Rising housing prices is a very direct result of pumping out more people and it has maybe a little to so with fertility rates.

Who wouldn't want the cost of rent to go down? Rent-extractors, primarily. Many fewer of them then renters, so this seems like an economic good.

That said, the comfortable carrying capacity of the Earth for human life (and all the other things still surviving with us) seems to be far less, so building systems to operate well under contraction, and working to contract to some rough level and the level off with a new system, seems prudent for the long haul.
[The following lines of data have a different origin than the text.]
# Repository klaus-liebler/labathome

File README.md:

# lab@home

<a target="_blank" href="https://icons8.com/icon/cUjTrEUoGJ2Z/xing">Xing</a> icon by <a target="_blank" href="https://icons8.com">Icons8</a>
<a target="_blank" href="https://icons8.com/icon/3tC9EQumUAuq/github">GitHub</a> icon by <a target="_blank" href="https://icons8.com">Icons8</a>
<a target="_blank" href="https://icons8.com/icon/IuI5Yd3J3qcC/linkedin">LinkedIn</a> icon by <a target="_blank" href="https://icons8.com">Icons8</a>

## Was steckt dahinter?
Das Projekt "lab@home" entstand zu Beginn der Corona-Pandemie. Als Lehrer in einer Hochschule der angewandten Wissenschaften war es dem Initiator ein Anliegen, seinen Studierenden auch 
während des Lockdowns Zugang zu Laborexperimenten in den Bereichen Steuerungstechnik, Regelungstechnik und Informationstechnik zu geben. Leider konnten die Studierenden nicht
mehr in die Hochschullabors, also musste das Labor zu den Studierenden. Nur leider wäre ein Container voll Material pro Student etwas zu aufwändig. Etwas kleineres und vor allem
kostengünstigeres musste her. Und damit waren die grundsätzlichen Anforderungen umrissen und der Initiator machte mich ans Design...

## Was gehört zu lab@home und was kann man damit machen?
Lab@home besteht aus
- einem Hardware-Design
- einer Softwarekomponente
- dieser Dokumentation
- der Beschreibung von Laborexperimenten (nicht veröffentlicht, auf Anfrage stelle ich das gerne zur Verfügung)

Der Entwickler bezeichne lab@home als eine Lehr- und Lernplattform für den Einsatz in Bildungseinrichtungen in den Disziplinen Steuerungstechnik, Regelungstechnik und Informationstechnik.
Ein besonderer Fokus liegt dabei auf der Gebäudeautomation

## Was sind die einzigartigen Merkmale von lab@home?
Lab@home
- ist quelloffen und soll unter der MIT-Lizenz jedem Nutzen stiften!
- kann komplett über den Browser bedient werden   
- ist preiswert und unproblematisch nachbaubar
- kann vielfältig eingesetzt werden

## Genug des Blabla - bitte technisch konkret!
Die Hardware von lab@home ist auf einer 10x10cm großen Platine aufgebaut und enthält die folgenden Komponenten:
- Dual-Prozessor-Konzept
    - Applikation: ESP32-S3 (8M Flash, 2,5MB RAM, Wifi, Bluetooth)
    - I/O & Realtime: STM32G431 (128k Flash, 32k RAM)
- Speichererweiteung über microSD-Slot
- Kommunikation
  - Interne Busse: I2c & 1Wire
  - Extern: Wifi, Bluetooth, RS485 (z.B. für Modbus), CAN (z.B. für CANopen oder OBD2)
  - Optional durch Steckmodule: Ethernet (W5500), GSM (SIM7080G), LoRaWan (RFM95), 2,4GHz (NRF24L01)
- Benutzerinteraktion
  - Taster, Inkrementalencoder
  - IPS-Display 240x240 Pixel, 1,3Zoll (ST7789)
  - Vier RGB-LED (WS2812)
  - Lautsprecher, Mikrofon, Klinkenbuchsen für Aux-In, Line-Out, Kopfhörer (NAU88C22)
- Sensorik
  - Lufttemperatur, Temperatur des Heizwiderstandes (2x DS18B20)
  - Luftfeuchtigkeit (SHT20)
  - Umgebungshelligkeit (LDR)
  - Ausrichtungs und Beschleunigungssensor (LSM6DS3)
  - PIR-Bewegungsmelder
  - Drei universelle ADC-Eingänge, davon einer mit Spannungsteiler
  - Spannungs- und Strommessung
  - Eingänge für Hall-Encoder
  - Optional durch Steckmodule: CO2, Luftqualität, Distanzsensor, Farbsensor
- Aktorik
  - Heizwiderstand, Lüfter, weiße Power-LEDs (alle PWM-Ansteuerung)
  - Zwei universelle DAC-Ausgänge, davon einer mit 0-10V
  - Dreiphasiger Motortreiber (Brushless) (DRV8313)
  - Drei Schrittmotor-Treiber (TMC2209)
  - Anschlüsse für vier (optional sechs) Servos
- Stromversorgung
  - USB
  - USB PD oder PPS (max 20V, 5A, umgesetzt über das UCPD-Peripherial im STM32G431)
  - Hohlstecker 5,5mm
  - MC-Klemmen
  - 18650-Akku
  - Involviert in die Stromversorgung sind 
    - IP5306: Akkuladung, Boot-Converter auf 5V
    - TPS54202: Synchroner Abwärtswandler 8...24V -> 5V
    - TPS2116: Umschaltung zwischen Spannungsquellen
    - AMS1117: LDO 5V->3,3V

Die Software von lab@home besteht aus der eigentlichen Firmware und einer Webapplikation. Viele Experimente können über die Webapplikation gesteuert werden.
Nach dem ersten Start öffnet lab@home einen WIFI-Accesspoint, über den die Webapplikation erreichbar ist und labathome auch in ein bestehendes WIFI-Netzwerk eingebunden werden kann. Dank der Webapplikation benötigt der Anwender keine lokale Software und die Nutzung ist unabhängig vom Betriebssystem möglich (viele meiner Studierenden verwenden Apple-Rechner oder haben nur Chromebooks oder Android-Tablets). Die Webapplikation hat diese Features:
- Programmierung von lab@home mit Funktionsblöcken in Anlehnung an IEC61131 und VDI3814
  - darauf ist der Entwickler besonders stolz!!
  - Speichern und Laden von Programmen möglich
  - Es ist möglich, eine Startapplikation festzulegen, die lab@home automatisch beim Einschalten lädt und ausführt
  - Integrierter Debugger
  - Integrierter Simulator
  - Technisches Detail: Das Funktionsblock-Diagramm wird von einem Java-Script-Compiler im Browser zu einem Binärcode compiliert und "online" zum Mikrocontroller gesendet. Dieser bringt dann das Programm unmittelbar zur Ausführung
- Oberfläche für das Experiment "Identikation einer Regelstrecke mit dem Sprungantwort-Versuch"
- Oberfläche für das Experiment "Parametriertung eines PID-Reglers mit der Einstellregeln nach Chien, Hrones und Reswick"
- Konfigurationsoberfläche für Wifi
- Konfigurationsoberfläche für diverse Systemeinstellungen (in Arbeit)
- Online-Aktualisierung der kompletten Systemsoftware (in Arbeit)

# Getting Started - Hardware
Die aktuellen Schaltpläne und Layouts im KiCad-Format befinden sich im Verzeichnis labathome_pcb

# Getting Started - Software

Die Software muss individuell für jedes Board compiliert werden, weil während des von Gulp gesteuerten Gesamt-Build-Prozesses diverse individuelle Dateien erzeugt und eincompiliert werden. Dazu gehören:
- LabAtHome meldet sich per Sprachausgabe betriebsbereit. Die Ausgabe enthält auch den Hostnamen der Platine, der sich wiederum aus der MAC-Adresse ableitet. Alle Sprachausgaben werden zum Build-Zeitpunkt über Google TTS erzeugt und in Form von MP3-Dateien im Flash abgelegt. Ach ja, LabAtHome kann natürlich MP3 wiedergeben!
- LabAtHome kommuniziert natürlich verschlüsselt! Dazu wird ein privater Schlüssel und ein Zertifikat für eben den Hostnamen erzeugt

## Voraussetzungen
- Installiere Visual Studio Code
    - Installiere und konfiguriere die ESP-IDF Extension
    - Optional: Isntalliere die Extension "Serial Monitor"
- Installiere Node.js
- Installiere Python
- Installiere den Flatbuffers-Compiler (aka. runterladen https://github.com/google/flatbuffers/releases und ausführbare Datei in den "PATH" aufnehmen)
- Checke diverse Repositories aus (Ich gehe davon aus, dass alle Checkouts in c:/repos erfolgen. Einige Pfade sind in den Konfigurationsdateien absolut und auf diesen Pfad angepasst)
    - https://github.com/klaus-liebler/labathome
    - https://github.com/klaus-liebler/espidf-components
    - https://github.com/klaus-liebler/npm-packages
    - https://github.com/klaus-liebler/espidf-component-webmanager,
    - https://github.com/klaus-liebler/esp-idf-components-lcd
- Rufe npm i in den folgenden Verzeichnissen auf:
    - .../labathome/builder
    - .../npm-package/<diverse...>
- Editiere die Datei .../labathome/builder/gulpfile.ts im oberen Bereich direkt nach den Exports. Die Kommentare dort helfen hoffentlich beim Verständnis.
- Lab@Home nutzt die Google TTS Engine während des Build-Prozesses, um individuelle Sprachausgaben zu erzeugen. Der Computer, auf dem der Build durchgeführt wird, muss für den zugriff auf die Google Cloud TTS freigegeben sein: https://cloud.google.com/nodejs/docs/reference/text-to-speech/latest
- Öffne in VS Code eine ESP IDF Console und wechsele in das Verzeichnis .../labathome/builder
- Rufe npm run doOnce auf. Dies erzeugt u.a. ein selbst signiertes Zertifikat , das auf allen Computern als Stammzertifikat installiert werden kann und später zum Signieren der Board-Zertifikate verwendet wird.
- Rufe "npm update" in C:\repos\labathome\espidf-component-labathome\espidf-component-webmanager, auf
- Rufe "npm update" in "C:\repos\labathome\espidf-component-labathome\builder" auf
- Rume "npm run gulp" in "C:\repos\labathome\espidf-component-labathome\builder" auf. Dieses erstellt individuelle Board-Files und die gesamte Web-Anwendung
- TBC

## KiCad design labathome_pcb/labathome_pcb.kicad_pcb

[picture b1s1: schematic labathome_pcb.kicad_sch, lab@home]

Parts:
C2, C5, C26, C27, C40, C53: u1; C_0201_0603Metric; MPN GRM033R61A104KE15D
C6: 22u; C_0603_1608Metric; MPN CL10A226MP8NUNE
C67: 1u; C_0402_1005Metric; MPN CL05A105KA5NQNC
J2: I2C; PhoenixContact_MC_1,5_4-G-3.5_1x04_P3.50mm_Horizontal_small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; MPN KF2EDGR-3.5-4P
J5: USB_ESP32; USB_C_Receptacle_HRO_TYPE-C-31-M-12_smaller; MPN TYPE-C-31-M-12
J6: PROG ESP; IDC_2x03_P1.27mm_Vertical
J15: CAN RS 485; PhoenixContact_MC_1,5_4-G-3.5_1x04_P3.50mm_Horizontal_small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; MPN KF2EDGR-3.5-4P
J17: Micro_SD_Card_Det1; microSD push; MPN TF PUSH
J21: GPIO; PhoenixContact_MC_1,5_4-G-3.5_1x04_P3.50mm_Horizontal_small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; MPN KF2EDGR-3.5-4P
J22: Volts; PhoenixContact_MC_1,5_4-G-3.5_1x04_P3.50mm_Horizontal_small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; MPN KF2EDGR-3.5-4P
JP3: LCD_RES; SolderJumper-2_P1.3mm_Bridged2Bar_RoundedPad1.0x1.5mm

Rising housing prices can co-exist with country population decline. Jobs (at least in western countries) tend to be more and more concentrated in large cities. So people move there and in combination with artificially limited supply (zoning and other laws) prices skyrocket. They decline far away from these cities/ regions but no one cares because there are no jobs there.
"As William R. Catton Jr. pointed out trenchantly many years ago in his book Overshoot, this is the situation the human population of Earth is in just now. The invention of fossil fuel-powered technologies and the breakneck extraction of fossil fuels that followed provided the industrial world with a resource base equivalent to ten spare planets. That was why population figures started rising in the nineteenth century and went into overdrive in the twentieth: all those additional resources temporarily boosted the carrying capacity of the planet to levels never before reached, and allowed our species to experience an immense population boom."